**Task instructions:** In the data below, how many lines include the string "continued"? Give only the number.

**Data records:**

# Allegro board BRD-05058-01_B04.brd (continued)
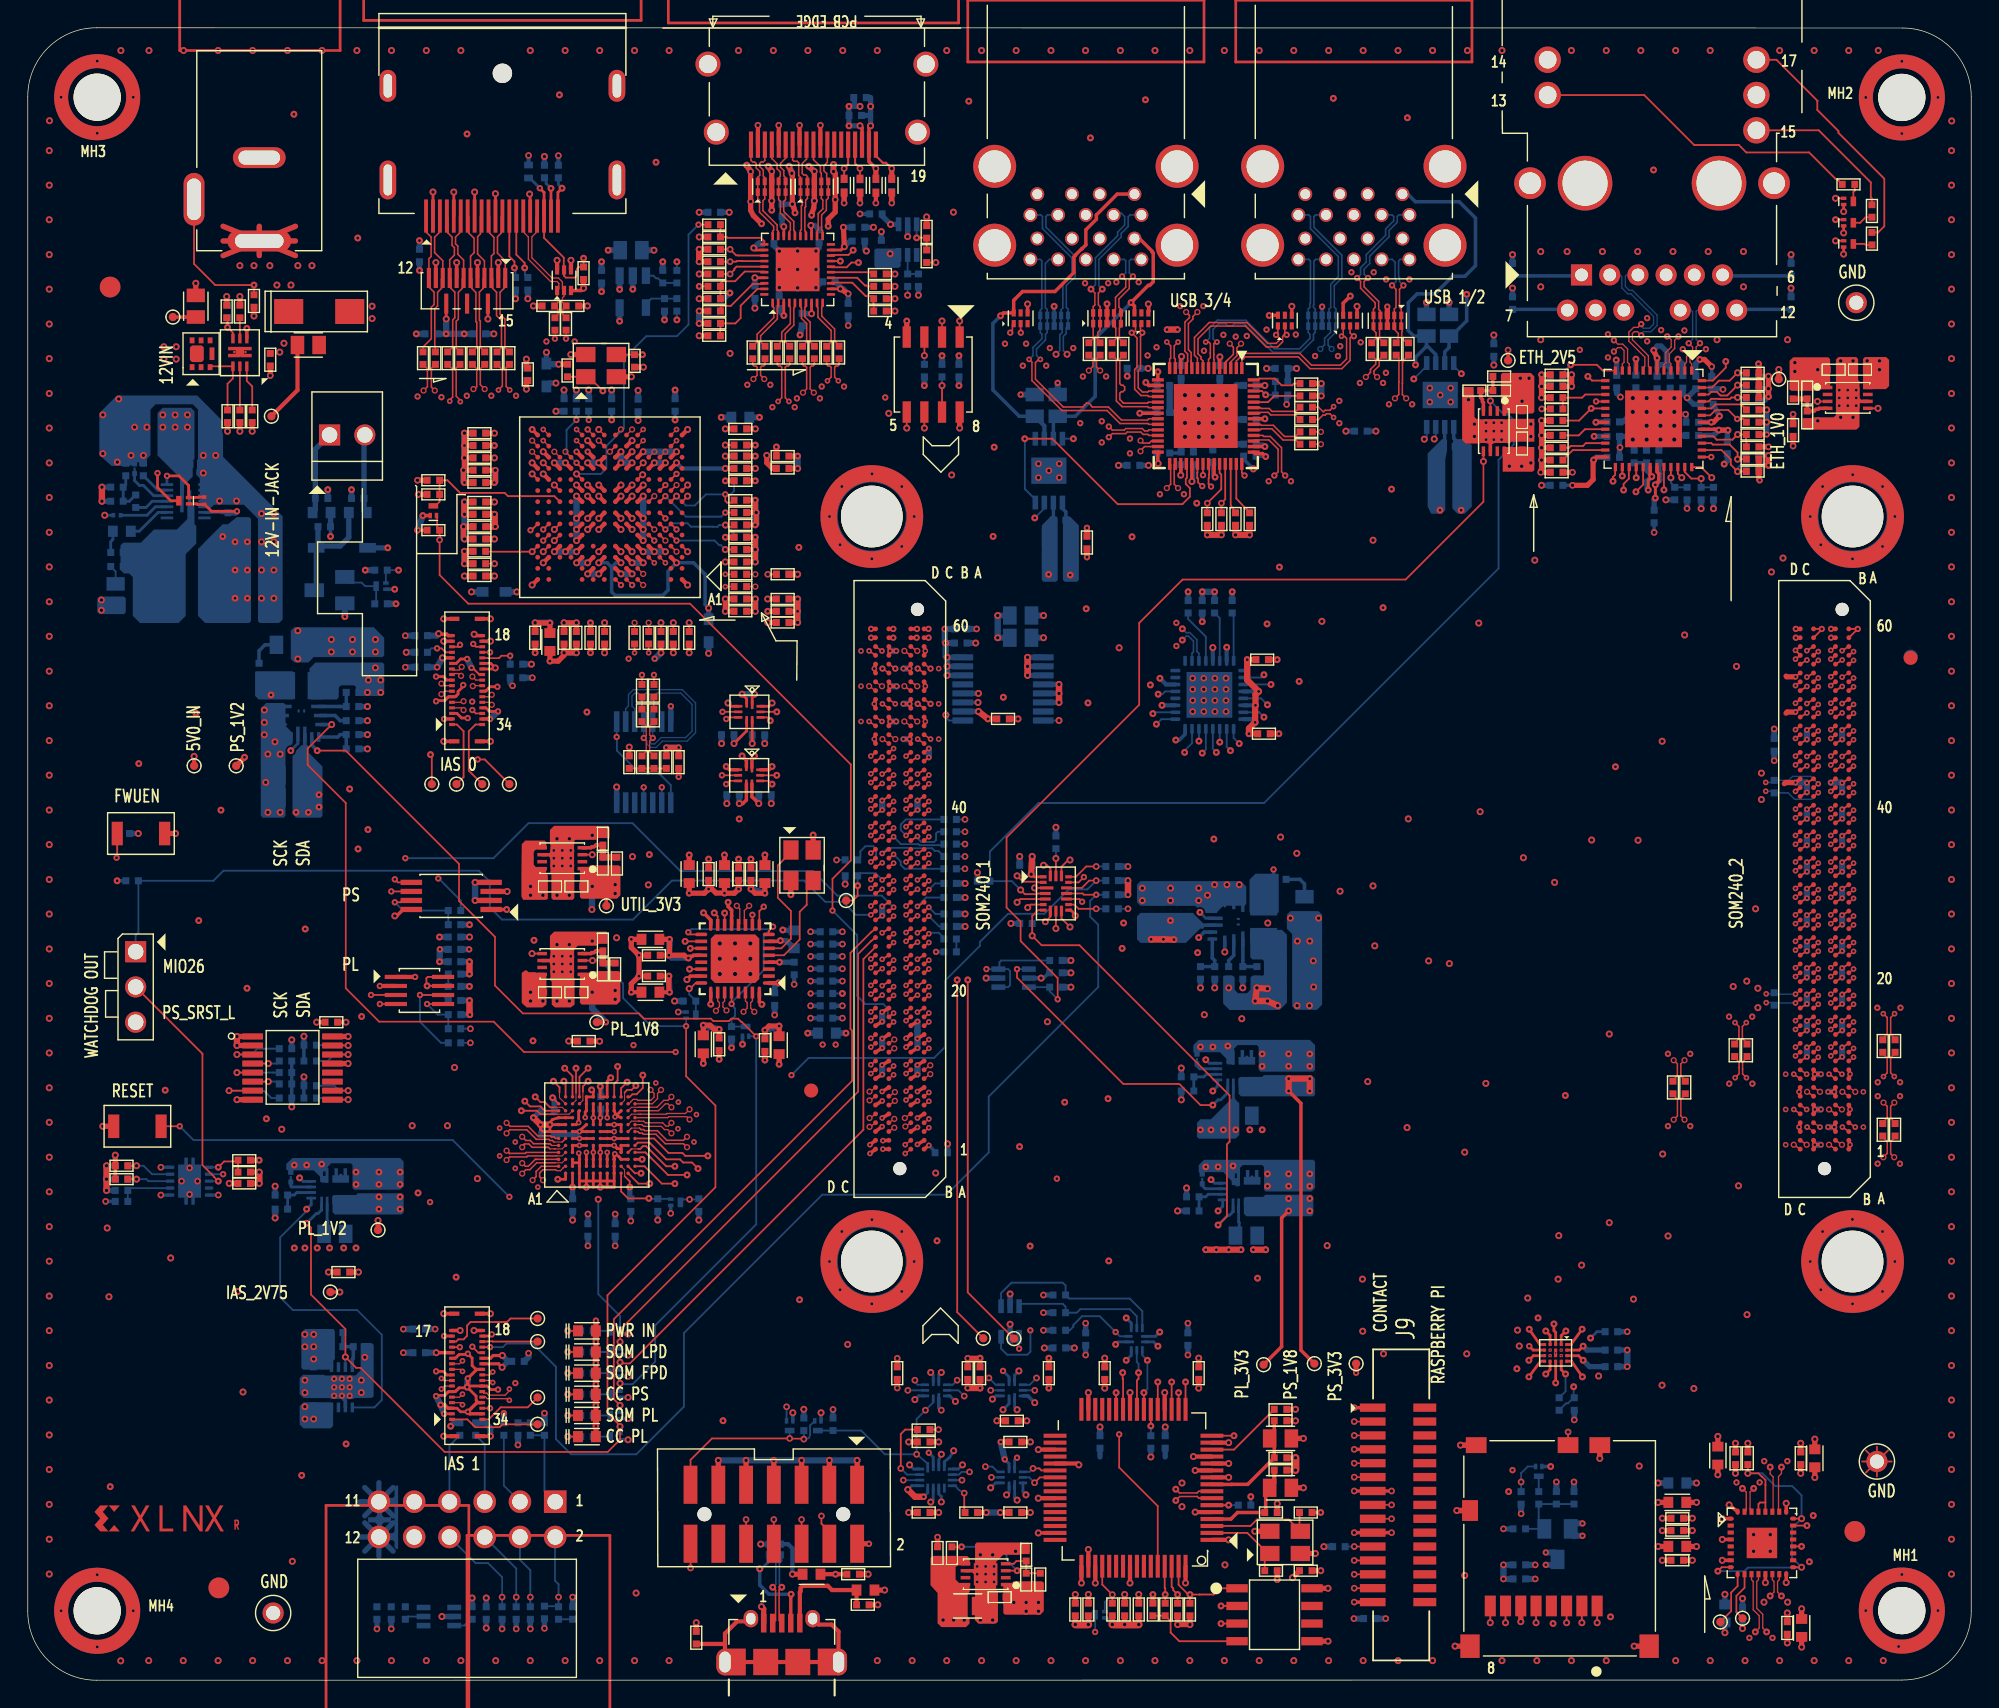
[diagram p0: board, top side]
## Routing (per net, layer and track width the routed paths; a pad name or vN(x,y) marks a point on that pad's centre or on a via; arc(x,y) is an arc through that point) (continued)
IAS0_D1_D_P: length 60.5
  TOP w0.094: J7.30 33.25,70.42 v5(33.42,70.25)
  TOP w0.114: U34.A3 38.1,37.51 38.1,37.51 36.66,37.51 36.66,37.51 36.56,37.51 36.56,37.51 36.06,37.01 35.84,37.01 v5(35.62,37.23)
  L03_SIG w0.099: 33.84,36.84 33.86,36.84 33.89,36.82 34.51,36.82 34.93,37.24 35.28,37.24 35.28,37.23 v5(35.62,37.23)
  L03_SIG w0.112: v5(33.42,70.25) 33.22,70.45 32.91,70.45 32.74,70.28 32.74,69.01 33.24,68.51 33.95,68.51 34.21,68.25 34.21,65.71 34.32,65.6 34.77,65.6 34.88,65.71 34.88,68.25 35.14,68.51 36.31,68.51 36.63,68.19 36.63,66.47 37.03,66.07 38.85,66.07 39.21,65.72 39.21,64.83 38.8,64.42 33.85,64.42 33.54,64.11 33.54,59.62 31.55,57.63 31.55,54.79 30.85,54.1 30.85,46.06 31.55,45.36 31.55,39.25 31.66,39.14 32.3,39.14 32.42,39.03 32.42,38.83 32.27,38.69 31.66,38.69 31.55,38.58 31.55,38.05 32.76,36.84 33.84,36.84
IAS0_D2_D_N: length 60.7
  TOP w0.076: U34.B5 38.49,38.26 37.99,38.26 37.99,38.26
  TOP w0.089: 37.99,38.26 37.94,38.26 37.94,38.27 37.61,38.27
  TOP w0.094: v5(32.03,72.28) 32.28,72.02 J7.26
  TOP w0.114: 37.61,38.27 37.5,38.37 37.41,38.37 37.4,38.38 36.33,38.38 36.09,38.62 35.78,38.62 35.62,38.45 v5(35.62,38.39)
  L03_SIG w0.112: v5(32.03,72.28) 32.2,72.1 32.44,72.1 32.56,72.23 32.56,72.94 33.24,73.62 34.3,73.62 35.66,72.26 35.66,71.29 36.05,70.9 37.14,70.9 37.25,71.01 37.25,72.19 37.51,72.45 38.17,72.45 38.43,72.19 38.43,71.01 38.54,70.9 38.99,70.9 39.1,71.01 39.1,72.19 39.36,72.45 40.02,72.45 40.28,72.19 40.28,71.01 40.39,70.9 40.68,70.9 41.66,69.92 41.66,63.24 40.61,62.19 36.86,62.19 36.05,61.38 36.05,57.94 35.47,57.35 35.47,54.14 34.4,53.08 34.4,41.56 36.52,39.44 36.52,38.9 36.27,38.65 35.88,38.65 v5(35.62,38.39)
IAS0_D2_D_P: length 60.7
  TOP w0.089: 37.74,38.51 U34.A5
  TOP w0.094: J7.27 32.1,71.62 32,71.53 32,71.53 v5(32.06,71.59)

**Answer box:** 2